Data extracted from a collection:

====

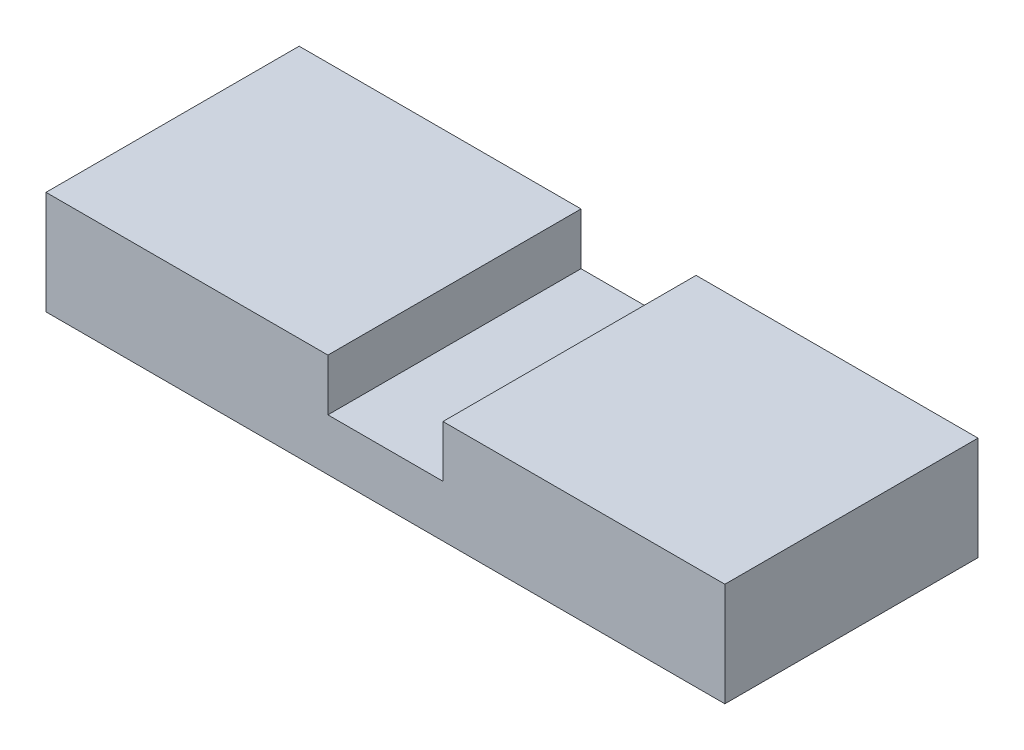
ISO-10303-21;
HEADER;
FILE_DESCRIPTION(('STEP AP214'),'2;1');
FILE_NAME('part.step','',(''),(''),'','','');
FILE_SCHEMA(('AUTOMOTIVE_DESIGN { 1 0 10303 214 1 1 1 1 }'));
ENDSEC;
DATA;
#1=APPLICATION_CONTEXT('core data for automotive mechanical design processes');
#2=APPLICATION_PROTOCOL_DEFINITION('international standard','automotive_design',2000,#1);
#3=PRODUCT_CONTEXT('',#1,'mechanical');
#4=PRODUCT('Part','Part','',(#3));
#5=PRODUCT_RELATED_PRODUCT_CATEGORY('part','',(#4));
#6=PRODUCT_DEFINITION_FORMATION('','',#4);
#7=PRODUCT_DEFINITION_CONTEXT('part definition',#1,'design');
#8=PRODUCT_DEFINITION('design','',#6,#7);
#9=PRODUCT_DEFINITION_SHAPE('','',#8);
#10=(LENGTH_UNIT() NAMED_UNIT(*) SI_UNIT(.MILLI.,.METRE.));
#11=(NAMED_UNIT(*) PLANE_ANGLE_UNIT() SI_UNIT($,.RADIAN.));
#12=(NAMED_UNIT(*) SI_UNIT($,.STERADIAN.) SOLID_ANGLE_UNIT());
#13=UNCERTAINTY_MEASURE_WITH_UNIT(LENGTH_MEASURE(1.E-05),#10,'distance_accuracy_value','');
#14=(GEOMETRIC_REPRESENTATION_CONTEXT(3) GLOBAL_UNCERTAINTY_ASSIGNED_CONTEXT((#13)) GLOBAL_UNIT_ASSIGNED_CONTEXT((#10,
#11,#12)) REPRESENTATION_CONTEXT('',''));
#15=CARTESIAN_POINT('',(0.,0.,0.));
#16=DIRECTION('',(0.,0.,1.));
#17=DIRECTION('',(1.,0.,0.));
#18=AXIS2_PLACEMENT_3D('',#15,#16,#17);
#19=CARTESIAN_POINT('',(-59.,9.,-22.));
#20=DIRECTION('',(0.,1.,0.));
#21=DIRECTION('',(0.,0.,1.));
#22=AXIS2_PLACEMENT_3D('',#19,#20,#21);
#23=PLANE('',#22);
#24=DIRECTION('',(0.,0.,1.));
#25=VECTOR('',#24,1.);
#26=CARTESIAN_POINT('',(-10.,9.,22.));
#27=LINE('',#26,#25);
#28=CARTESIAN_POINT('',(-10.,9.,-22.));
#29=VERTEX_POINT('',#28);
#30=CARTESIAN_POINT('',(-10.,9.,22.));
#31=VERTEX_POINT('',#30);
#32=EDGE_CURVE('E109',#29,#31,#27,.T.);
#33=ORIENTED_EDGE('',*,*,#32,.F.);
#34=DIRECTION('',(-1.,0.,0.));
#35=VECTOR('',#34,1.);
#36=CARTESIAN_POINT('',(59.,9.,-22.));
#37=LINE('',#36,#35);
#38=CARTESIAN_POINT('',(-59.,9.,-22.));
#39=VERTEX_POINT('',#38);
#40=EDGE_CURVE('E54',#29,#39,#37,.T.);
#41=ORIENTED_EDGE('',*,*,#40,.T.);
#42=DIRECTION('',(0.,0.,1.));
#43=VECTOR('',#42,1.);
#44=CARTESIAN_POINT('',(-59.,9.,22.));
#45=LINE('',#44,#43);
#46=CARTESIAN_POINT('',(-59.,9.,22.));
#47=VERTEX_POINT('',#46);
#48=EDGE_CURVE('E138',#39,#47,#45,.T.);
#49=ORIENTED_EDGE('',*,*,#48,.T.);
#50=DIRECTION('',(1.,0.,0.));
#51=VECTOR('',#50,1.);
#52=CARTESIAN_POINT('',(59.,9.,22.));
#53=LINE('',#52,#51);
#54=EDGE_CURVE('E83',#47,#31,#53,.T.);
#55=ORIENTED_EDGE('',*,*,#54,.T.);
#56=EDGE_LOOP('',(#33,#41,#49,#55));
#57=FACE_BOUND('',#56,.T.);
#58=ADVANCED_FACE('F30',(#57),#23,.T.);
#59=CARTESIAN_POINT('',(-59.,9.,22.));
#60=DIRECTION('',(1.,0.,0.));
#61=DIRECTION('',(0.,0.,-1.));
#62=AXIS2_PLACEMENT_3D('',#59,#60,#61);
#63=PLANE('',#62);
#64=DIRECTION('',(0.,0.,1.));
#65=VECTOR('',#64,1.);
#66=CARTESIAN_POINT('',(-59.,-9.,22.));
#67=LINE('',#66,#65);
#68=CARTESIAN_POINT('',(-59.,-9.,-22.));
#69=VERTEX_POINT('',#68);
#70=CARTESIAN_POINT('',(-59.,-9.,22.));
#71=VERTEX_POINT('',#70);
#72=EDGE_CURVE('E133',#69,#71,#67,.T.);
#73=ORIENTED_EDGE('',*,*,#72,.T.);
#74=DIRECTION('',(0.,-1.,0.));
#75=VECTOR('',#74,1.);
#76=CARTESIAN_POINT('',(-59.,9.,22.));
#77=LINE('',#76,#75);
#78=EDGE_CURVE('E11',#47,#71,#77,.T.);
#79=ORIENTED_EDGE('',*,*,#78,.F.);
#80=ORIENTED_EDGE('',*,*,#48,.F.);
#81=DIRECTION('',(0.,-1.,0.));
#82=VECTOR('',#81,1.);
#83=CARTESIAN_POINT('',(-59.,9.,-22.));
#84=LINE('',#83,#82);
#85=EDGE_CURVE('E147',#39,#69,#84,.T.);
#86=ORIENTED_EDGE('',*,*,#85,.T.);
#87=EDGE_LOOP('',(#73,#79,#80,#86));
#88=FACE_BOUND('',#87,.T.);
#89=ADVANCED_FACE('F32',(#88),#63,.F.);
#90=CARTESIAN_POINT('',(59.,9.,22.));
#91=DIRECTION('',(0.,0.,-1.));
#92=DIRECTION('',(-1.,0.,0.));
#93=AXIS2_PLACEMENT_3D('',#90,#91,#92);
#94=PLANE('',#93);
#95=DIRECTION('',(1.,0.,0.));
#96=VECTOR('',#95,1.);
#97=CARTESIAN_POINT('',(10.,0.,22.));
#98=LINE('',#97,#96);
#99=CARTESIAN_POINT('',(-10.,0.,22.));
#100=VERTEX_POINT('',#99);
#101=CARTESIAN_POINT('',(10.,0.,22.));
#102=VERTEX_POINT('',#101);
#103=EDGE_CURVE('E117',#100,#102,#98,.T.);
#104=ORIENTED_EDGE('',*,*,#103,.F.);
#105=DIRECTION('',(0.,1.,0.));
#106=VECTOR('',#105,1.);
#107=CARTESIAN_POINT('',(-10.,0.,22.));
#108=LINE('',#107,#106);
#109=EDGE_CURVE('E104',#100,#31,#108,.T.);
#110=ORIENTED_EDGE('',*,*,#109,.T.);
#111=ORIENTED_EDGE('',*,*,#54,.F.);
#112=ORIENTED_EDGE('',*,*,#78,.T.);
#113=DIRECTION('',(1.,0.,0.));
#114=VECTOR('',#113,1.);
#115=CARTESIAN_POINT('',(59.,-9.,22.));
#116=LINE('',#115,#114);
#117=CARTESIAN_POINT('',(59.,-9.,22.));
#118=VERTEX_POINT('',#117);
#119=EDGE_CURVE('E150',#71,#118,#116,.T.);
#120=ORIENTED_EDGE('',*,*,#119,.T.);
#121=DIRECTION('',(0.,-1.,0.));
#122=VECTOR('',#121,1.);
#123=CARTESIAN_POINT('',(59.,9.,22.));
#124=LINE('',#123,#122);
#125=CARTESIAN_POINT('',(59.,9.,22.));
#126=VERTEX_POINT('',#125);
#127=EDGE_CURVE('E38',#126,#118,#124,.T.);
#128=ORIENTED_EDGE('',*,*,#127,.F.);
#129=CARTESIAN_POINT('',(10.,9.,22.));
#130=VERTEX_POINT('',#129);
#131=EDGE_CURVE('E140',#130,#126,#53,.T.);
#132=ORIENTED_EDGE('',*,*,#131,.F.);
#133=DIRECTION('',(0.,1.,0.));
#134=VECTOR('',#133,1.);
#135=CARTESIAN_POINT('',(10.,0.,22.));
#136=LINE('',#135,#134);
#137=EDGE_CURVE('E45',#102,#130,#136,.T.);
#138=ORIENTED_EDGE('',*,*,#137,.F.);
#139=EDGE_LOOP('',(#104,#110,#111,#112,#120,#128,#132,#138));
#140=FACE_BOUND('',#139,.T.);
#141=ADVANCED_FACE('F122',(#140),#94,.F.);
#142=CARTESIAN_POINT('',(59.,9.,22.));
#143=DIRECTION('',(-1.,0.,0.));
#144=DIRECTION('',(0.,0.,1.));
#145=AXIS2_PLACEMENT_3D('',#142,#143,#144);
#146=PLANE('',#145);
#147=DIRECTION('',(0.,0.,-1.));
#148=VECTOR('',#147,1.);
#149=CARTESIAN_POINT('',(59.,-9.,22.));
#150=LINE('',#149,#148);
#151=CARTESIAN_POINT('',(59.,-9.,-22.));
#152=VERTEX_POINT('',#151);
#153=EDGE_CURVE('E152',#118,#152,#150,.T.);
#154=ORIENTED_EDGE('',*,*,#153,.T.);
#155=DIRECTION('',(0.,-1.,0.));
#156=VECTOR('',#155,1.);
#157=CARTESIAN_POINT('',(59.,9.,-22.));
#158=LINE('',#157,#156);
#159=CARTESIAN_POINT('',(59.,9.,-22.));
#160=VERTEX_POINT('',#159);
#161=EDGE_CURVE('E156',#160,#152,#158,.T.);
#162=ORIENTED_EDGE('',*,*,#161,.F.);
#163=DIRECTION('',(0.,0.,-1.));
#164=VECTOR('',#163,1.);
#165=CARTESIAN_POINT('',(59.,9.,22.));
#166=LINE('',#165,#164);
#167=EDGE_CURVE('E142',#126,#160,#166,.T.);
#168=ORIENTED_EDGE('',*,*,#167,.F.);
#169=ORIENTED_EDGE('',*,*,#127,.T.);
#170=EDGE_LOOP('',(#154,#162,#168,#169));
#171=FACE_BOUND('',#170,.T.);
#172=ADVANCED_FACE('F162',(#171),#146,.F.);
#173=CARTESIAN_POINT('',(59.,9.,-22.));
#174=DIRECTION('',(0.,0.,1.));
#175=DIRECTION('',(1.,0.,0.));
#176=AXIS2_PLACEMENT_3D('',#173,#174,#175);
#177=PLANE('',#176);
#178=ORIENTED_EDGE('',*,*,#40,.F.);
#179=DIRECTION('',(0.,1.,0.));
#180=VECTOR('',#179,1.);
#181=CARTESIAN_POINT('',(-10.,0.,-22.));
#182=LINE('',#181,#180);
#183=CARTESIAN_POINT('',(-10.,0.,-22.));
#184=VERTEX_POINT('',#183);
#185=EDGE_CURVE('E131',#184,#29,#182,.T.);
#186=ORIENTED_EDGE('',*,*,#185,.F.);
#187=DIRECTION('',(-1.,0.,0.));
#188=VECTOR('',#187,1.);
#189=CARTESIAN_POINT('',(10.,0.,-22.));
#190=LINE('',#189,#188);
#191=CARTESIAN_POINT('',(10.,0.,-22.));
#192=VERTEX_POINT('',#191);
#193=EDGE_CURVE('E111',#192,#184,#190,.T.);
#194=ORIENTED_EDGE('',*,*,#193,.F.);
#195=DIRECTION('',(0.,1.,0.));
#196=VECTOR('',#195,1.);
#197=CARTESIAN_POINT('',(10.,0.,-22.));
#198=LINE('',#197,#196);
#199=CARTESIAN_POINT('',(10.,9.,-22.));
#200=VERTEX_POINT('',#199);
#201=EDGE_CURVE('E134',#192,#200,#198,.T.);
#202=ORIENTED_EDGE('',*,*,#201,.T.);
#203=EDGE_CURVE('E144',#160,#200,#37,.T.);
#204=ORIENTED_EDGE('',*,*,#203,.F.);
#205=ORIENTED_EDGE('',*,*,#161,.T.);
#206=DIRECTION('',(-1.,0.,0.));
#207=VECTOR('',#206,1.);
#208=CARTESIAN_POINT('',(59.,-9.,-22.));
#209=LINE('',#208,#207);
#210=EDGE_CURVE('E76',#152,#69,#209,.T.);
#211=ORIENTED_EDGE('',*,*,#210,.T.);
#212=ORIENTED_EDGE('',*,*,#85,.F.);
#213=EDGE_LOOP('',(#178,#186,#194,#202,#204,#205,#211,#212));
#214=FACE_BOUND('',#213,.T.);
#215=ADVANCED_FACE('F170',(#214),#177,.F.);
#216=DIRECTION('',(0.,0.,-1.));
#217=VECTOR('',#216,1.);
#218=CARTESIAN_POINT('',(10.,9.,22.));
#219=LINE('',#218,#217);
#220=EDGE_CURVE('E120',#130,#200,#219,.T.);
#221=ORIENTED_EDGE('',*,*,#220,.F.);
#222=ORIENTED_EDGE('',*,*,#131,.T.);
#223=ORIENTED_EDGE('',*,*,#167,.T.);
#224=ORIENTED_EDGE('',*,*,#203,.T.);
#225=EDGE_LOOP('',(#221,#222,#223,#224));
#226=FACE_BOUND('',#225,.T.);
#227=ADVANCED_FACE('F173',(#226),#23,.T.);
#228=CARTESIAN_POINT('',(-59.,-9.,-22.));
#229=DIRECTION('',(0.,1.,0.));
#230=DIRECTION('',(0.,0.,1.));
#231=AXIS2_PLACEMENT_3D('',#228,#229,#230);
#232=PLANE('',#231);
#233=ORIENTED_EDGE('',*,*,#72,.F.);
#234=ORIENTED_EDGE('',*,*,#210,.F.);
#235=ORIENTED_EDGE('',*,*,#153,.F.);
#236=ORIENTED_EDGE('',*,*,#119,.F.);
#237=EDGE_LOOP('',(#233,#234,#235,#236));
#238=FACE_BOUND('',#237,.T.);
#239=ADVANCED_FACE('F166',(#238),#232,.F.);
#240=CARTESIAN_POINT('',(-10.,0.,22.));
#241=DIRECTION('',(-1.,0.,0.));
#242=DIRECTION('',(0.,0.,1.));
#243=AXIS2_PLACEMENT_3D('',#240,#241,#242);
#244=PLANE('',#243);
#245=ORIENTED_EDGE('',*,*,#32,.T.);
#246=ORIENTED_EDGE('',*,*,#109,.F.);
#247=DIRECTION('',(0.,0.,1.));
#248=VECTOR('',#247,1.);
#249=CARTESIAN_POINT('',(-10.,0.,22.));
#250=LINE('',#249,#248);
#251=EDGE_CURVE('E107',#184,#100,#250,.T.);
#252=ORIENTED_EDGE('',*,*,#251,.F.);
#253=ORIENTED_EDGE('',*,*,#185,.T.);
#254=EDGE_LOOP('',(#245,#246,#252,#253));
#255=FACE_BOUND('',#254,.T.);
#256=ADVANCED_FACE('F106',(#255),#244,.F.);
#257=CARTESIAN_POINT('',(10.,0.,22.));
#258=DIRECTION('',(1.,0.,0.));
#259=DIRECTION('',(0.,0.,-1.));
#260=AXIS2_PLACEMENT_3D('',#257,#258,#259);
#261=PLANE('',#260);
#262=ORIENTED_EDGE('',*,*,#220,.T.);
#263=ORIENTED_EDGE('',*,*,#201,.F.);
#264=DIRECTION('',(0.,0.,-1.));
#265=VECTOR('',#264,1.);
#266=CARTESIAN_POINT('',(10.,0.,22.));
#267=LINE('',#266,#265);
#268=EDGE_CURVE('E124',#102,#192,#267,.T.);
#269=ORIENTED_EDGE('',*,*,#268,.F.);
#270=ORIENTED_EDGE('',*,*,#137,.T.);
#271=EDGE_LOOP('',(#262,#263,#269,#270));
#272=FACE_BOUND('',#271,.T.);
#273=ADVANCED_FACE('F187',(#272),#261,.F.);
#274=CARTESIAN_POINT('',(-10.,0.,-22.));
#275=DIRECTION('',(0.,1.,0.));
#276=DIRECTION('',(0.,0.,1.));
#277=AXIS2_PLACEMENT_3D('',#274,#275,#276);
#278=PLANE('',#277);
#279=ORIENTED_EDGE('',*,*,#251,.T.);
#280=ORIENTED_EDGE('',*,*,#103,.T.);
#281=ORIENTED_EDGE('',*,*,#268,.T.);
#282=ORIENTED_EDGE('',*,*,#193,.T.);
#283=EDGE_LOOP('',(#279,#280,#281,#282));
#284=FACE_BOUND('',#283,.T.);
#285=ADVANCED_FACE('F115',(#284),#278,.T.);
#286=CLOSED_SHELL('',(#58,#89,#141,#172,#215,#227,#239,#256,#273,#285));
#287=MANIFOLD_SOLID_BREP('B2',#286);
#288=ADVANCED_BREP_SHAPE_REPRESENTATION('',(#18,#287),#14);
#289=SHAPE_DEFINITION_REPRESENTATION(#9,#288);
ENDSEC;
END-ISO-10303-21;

====

_EXERCISE DIRECTIONS_
Look above for the line that contains "#164=VECTOR('',#163,1.);". Starting there, transcribe every line exactly until you have copied the line that contains "#177=PLANE('',#176);".

_OUTPUT BELOW_
#164=VECTOR('',#163,1.);
#165=CARTESIAN_POINT('',(59.,9.,22.));
#166=LINE('',#165,#164);
#167=EDGE_CURVE('E142',#126,#160,#166,.T.);
#168=ORIENTED_EDGE('',*,*,#167,.F.);
#169=ORIENTED_EDGE('',*,*,#127,.T.);
#170=EDGE_LOOP('',(#154,#162,#168,#169));
#171=FACE_BOUND('',#170,.T.);
#172=ADVANCED_FACE('F162',(#171),#146,.F.);
#173=CARTESIAN_POINT('',(59.,9.,-22.));
#174=DIRECTION('',(0.,0.,1.));
#175=DIRECTION('',(1.,0.,0.));
#176=AXIS2_PLACEMENT_3D('',#173,#174,#175);
#177=PLANE('',#176);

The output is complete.